In order to achieve this we had to significantly change the architecture for the Fargo release. Eugene, the version before Fargo, already had the Shared Memory Server (SHM) in its code base but its wasn’t activated by default. The Fargo release now primarily uses the SHM approach. To make even more use of it, we created the Open vStorage Edge. The Edge is a lightweight block storage driver which can be installed on Linux servers (hosts running the hypervisor or inside the VM) and talks across the network to the Shared Memory of a remote Volume Driver. Both TCP/IP and the low latency RDMA protocol can be used to connect the Edge with the Volume Driver. Northbound the Edge has an iSCSI, Blktap and QEMU interface. Additional interfaces such as iSER and FCoE are planned. Next to the new Edge interface, the slower Virtual Machine interface which exposes a Virtual File System (NFS, FUSE), is still supported.

Architecture

The Volume Driver has also been optimized for performance. The locks in the write path have been revised in order to minimize their impact. More radical is the decision to remove the deduplication functionality from the Volume Driver in order to keep the size of the metadata of the volumes to a strict minimum. By removing the bytes reserved for the hash, we are capable of keeping all the metadata in RAM and push the performance across 1 million IOPS per host on decent hardware. For those who absolutely need deduplication there is still a version available of the Volume Driver which has support for deduplication.

With the breakthrough of RDMA, the network bottleneck is removed and network latency is brought down to a couple of microseconds.
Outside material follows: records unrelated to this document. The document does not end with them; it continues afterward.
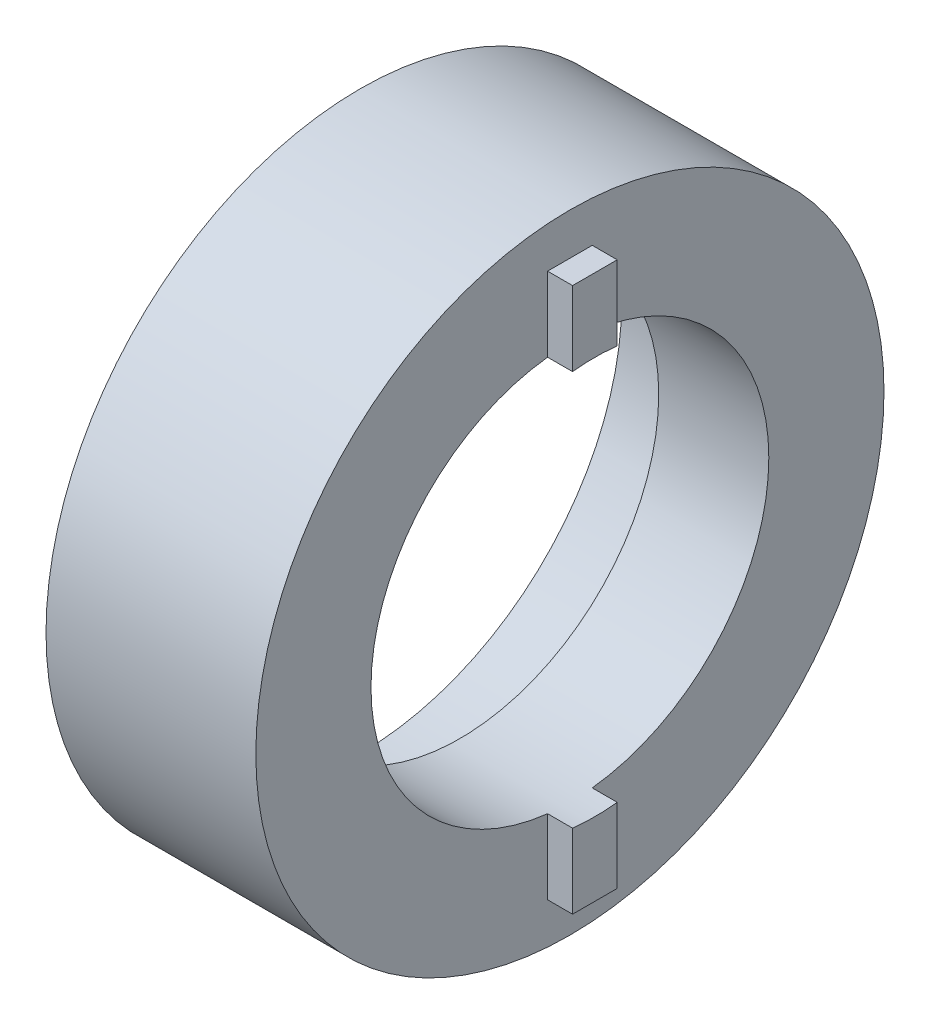
from build123d import *

# Parameters (mm, degrees)
SKETCH13_R           = 30
BOSS_EXTRUDE11_DEPTH = 20.0406
SKETCH14_R           = 25
CUT_EXTRUDE2_DEPTH   = 9.525
SKETCH16_W           = 4.2672
SKETCH16_H           = 52
BOSS_EXTRUDE12_DEPTH = 2.3876
SKETCH15_R           = 19
CUT_EXTRUDE3_DEPTH   = 48.989833874


with BuildPart() as part:
    # Sketch13 → Boss-Extrude11 (new body)
    with BuildSketch(Plane(origin=(0, 0, 0), x_dir=(0, 0, -1), z_dir=(1, 0, 0))):
        with Locations(Location((0, 0, 0), (0, 0, 180))):
            Circle(SKETCH13_R)
    extrude(amount=BOSS_EXTRUDE11_DEPTH)

    # Sketch14 → Cut-Extrude2 (cut)
    with BuildSketch(Plane.ZY):
        Circle(SKETCH14_R)
    extrude(amount=-CUT_EXTRUDE2_DEPTH, mode=Mode.SUBTRACT)

    # Sketch16 → Boss-Extrude12 (add)
    with BuildSketch(Plane(origin=(20.0406, 0, 0), x_dir=(0, 0, -1), z_dir=(1, 0, 0))):
        Rectangle(SKETCH16_W, SKETCH16_H)
    extrude(amount=BOSS_EXTRUDE12_DEPTH)

    # Sketch15 → Cut-Extrude3 (cut, through all)
    with BuildSketch(Plane.ZY):
        Circle(SKETCH15_R)
    extrude(amount=-CUT_EXTRUDE3_DEPTH, mode=Mode.SUBTRACT)


solid = part.part
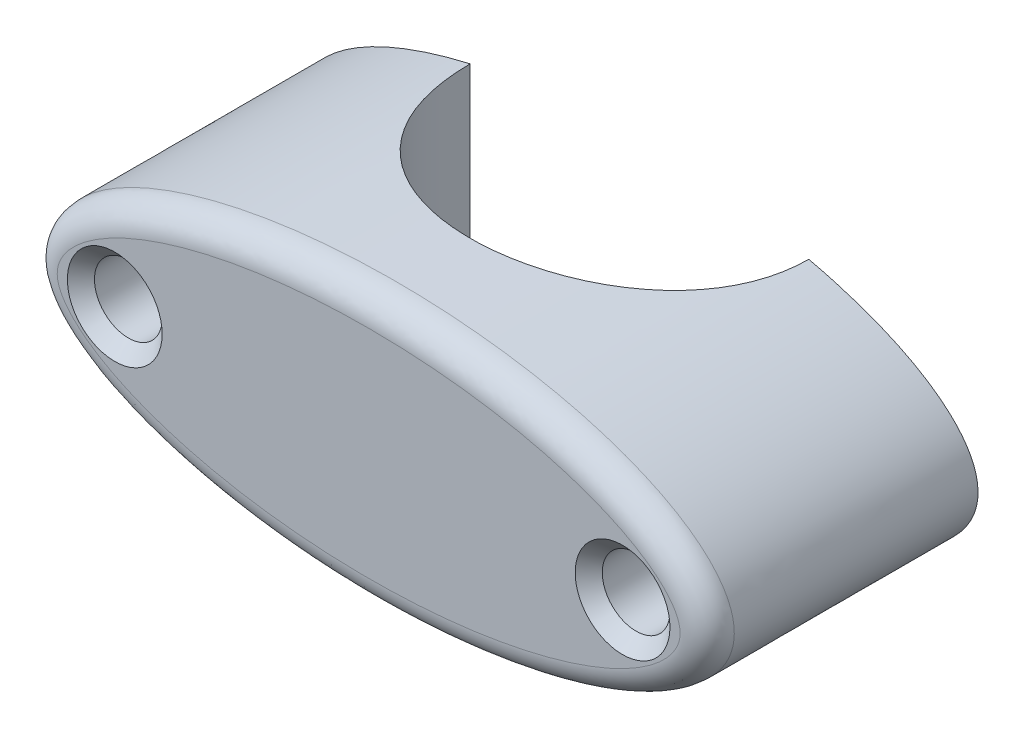
from build123d import *

# Parameters (mm, degrees)
BOSS_EXTRUDE1_DEPTH     = 20
CUT_EXTRUDE1_DEPTH      = 34.541019826
CUT_EXTRUDE1_DEPTH_BACK = 34.541019826
SKETCH3_R               = 12.5
FILLET2_R               = 2
CUT_EXTRUDE3_DEPTH      = 34.541019826
CUT_EXTRUDE3_DEPTH_BACK = 34.541019826
SKETCH5_R               = 2.5
CHAMFER1_SIZE           = 1


with BuildPart() as part:
    # Sketch2 → Boss-Extrude1 (new body)
    with BuildSketch(Plane(origin=(0, 0, 0), x_dir=(0, 1, 0), z_dir=(0, 0, 1))):
        with BuildLine():
            add(Edge.make_bspline(
                [(0, -25), (17.320508076, -25), (8.660254038, 12.5), (0, 50), (-8.660254038, 12.5), (-17.320508076, -25), (0, -25)],
                knots=[0, 0, 0, 2.094395102, 2.094395102, 4.188790205, 4.188790205, 6.283185307, 6.283185307, 6.283185307], degree=2, weights=[1, 0.5, 1, 0.5, 1, 0.5, 1]))
        make_face()
    extrude(amount=-BOSS_EXTRUDE1_DEPTH)

    # Sketch3 → Cut-Extrude1 (cut, two sides: drawn at the far end of the back side and taken through both)
    with BuildSketch(Plane(origin=(0, 0, 0), x_dir=(-1, 0, 0), z_dir=(0, 1, 0)).offset(-CUT_EXTRUDE1_DEPTH_BACK)):
        with Locations((0, -20)):
            Circle(SKETCH3_R)
    extrude(amount=CUT_EXTRUDE1_DEPTH + CUT_EXTRUDE1_DEPTH_BACK, mode=Mode.SUBTRACT)

    # Fillet2
    fillet2_edges = [part.edges().sort_by_distance(p)[0] for p in [
        (-25, 3.1926e-05, 0),
    ]]
    fillet(fillet2_edges, radius=FILLET2_R)

    # Sketch5 → Cut-Extrude3 (cut, two sides: drawn at the far end of the back side and taken through both)
    with BuildSketch(Plane(origin=(0, 0, 0), x_dir=(1, 0, 0), z_dir=(0, 0, -1)).offset(-CUT_EXTRUDE3_DEPTH_BACK)):
        with Locations((-18.75, 0)):
            Circle(SKETCH5_R)
        with Locations((18.75, 0)):
            Circle(SKETCH5_R)
    extrude(amount=CUT_EXTRUDE3_DEPTH + CUT_EXTRUDE3_DEPTH_BACK, mode=Mode.SUBTRACT)

    # Chamfer1
    chamfer1_edges = [part.edges().sort_by_distance(p)[0] for p in [
        (16.25, 0, 0),
        (-21.25, 0, 0),
    ]]
    chamfer(chamfer1_edges, length=CHAMFER1_SIZE)


solid = part.part
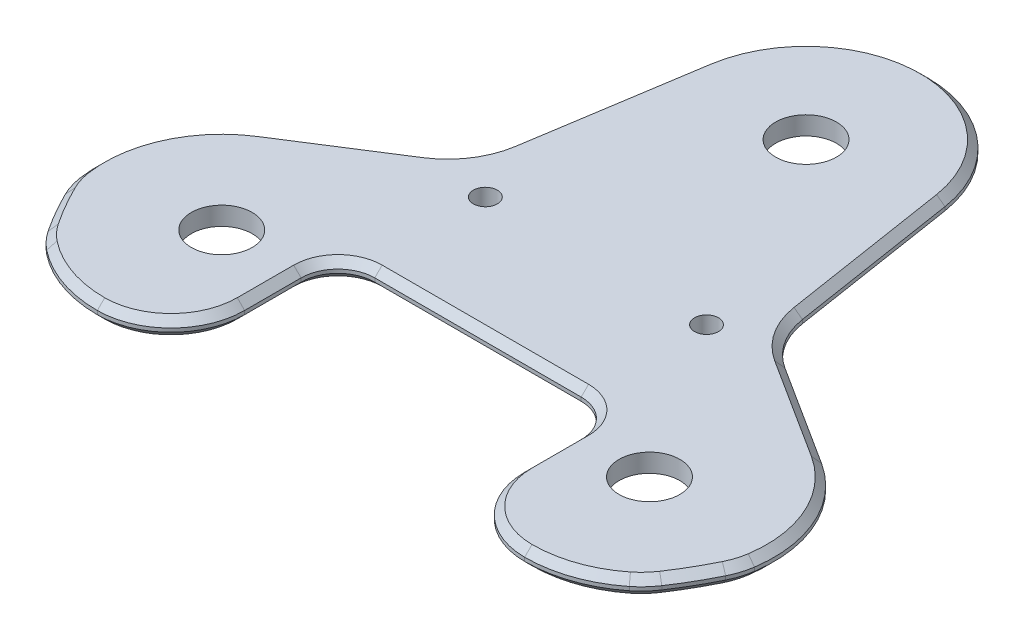
from build123d import *

# Parameters (mm, degrees)
SKETCH1_R           = 1.625
BOSS_EXTRUDE1_DEPTH = 2.5
FILLET1_R           = 5
SKETCH3_R           = 4.125
CUT_EXTRUDE2_DEPTH  = 71.75485849
CUT_EXTRUDE3_DEPTH  = 71.75485849
FILLET2_R           = 10
CHAMFER1_SIZE       = 1


with BuildPart() as part:
    # Sketch1 → Boss-Extrude1 (new body)
    with BuildSketch(Plane(origin=(0, 0, 0), x_dir=(1, 0, 0), z_dir=(0, 1, 0))):
        with BuildLine():
            ThreePointArc((50, 0), (-27.838821814, 41.533119315), (-19, -46.249324319))
            Line((-19, -46.249324319), (-19, -11))
            Line((-19, -11), (19, -11))
            Line((19, -11), (19, -46.249324319))
            ThreePointArc((19, -46.249324319), (41.533119315, -27.838821814), (50, 0))
        make_face()
        with Locations(Location((-15, 5, 0), (0, 0, 270))):
            Circle(SKETCH1_R, mode=Mode.SUBTRACT)
        with Locations(Location((15, 5, 0), (0, 0, 270))):
            Circle(SKETCH1_R, mode=Mode.SUBTRACT)
    extrude(amount=BOSS_EXTRUDE1_DEPTH)

    # Fillet1
    fillet1_edges = [part.edges().sort_by_distance(p)[0] for p in [
        (19, 1.25, 46.249324319),
        (19, 1.25, 11),
        (-19, 1.25, 11),
        (-19, 1.25, 46.249324319),
    ]]
    fillet(fillet1_edges, radius=FILLET1_R)

    # Sketch3 → Cut-Extrude2 (cut, through all)
    with BuildSketch(Plane(origin=(0, 2.5, 0), x_dir=(1, 0, 0), z_dir=(0, 1, 0))):
        with Locations(Location((0, 33.5, 0), (0, 0, 270))):
            Circle(SKETCH3_R)
        with Locations(Location((29.011851027, -16.75, 0), (0, 0, 270))):
            Circle(SKETCH3_R)
        with Locations(Location((-29.011851027, -16.75, 0), (0, 0, 270))):
            Circle(SKETCH3_R)
    extrude(amount=-CUT_EXTRUDE2_DEPTH, mode=Mode.SUBTRACT)

    # Sketch4 → Cut-Extrude3 (cut, through all)
    with BuildSketch(Plane(origin=(0, 2.5, 0), x_dir=(1, 0, 0), z_dir=(0, 1, 0))):
        with BuildLine():
            ThreePointArc((-19, -30.369481935), (-30.236455629, -33.609056698), (-40.88679997, -28.779673178))
            ThreePointArc((-40.88679997, -28.779673178), (-34.446124239, -36.241751129), (-26.666666667, -42.295258468))
            ThreePointArc((-26.666666667, -42.295258468), (-21.584770542, -42.4437078), (-19, -38.065732621))
            Line((-19, -38.065732621), (-19, -30.369481935))
        make_face()
        with BuildLine():
            Line((19, -30.369481935), (19, -38.065732621))
            ThreePointArc((19, -38.065732621), (21.584770542, -42.4437078), (26.666666667, -42.295258468))
            ThreePointArc((26.666666667, -42.295258468), (34.446124239, -36.241751129), (40.88679997, -28.779673178))
            ThreePointArc((40.88679997, -28.779673178), (30.236455629, -33.609056698), (19, -30.369481935))
        make_face()
        with BuildLine():
            ThreePointArc((-6.8e-08, 50), (-42.136436408, 26.916922685), (-45.36732807, -21.019170864))
            ThreePointArc((-45.36732807, -21.019170864), (-44.746417351, -10.573360804), (-38.095485584, -2.49464899))
            Line((-38.095485584, -2.49464899), (-20.59178284, 8.658863751))
            Line((-20.59178284, 8.658863751), (-16.301275801, 36.053117163))
            ThreePointArc((-16.301275801, 36.053117163), (-10.7266856, 46.037472474), (-6.8e-08, 50))
        make_face()
        with BuildLine():
            ThreePointArc((45.36732807, -21.019170864), (42.136436371, 26.916922743), (-6.8e-08, 50))
            ThreePointArc((-6.8e-08, 50), (10.726685548, 46.037472518), (16.301275801, 36.053117163))
            Line((16.301275801, 36.053117163), (20.59178284, 8.658863751))
            Line((20.59178284, 8.658863751), (38.095485584, -2.49464899))
            ThreePointArc((38.095485584, -2.49464899), (44.746417351, -10.573360804), (45.36732807, -21.019170864))
        make_face()
    extrude(amount=-CUT_EXTRUDE3_DEPTH, mode=Mode.SUBTRACT)

    # Fillet2
    fillet2_edges = [part.edges().sort_by_distance(p)[0] for p in [
        (40.88679997, 1.25, 28.779673178),
        (-45.36732807, 1.25, 21.019170864),
        (-20.59178284, 1.25, -8.658863751),
        (45.36732807, 1.25, 21.019170864),
        (20.59178284, 1.25, -8.658863751),
        (-40.88679997, 1.25, 28.779673178),
        (-19, 1.25, 30.369481935),
        (19, 1.25, 30.369481935),
    ]]
    fillet(fillet2_edges, radius=FILLET2_R)

    # Chamfer1
    chamfer1_edges = [part.edges().sort_by_distance(p)[0] for p in [
        (-44.388404549, 2.5, 9.729383862),
        (-18.097260259, 2.5, -24.5860218),
        (-44.388404549, 0, 9.729383862),
        (-18.097260259, 0, -24.5860218),
        (-43.301270189, 2.5, 25),
        (-43.301270189, 0, 25),
        (-34.559008869, 2.5, 32.717356984),
        (-19, 2.5, 19.826732149),
        (34.559008869, 2.5, 32.717356984),
        (43.301270189, 2.5, 25),
        (44.388404549, 2.5, 9.729383862),
        (31.247232254, 2.5, -1.86911803),
        (-31.247232254, 2.5, -1.86911803),
        (21.922865426, 2.5, 30.718460138),
        (-21.922865426, 2.5, 30.718460138),
        (40.660570606, 2.5, 28.929698969),
        (45.384139534, 2.5, 20.748237593),
        (-45.384139534, 2.5, 20.748237593),
        (-40.660570606, 2.5, 28.929698969),
        (-34.559008869, 0, 32.717356984),
        (-31.247232254, 0, -1.86911803),
        (31.247232254, 0, -1.86911803),
        (44.388404549, 0, 9.729383862),
        (43.301270189, 0, 25),
        (34.559008869, 0, 32.717356984),
        (-19, 0, 19.826732149),
        (21.922865426, 0, 30.718460138),
        (-21.922865426, 0, 30.718460138),
        (40.660570606, 0, 28.929698969),
        (45.384139534, 0, 20.748237593),
        (-45.384139534, 0, 20.748237593),
        (-40.660570606, 0, 28.929698969),
        (21.40495945, 2.5, -9.190948509),
        (21.40495945, 0, -9.190948509),
        (-21.40495945, 2.5, -9.190948509),
        (-21.40495945, 0, -9.190948509),
        (19, 0, 19.826732149),
        (0, 0, 11),
        (19, 2.5, 19.826732149),
        (0, 2.5, 11),
        (17.535533906, 0, 12.464466094),
        (17.535533906, 2.5, 12.464466094),
        (-17.535533906, 0, 12.464466094),
        (-17.535533906, 2.5, 12.464466094),
        (18.097260259, 0, -24.5860218),
        (0, 2.5, -50),
        (0, 0, -50),
        (18.097260259, 2.5, -24.5860218),
    ]]
    chamfer(chamfer1_edges, length=CHAMFER1_SIZE)


solid = part.part

Open vStorage makes use of the possibilities RDMA offers to implement a shared cache layer. To achieve this it is now possible to create an ALBA backend out of NVMe or SSD devices. This layer acts as a local, within a single datacenter, cache layer in front of an SATA ALBA backend, the capacity tier, which is spread across multiple datacenters.
This means all SSDs in a single datacenter devise a shared cache for the data of that datacenter. This minimizes the impact of an SSD failure and removes the cold cache effect when moving a volume between hosts. In order to minimize the impact of a single disk failure we introduced the NC-ECC (Network and Clustered Error Correction Codes) algorithm. This algorithm can be compared with solving a Sudoku puzzle. Each SCO, a collection of consecutive writes, is chopped up in chunks. All these chunks are distributed across all the nodes and datacenters in the cluster. The total amount of chunks can be configured but allows for example to recover from a multi node failure or a complete datacenter loss. A failure, whether it is a disk, node or datacenter will cross out some numbers from the complete Sudoku puzzle but as long as you have enough numbers left, you can still solve the puzzle. The same goes for data stored with Open vStorage: as long as you have enough chunks (disk, nodes or datacenters) left, you can always recover the data. The NC-ECC algorithm is based on forward error correction codes and is further optimized for usage within a multi-datacenter approach. When there is a disk or node failure, additional chunks will be created using only data from within the same datacenter. This ensures the bandwidth between datacenters isn’t stressed in case of a simple disk failure.

By splitting up the Edge, the Volume Driver, the cache layer and the capacity tier, you have the ultimate flexibility to build the storage cluster of your needs. You can run everything on the same server, hyperconverged, or you can install each component on a dedicated server to maximize scalability and performance.

The first alpha version of Fargo is now available on the repo.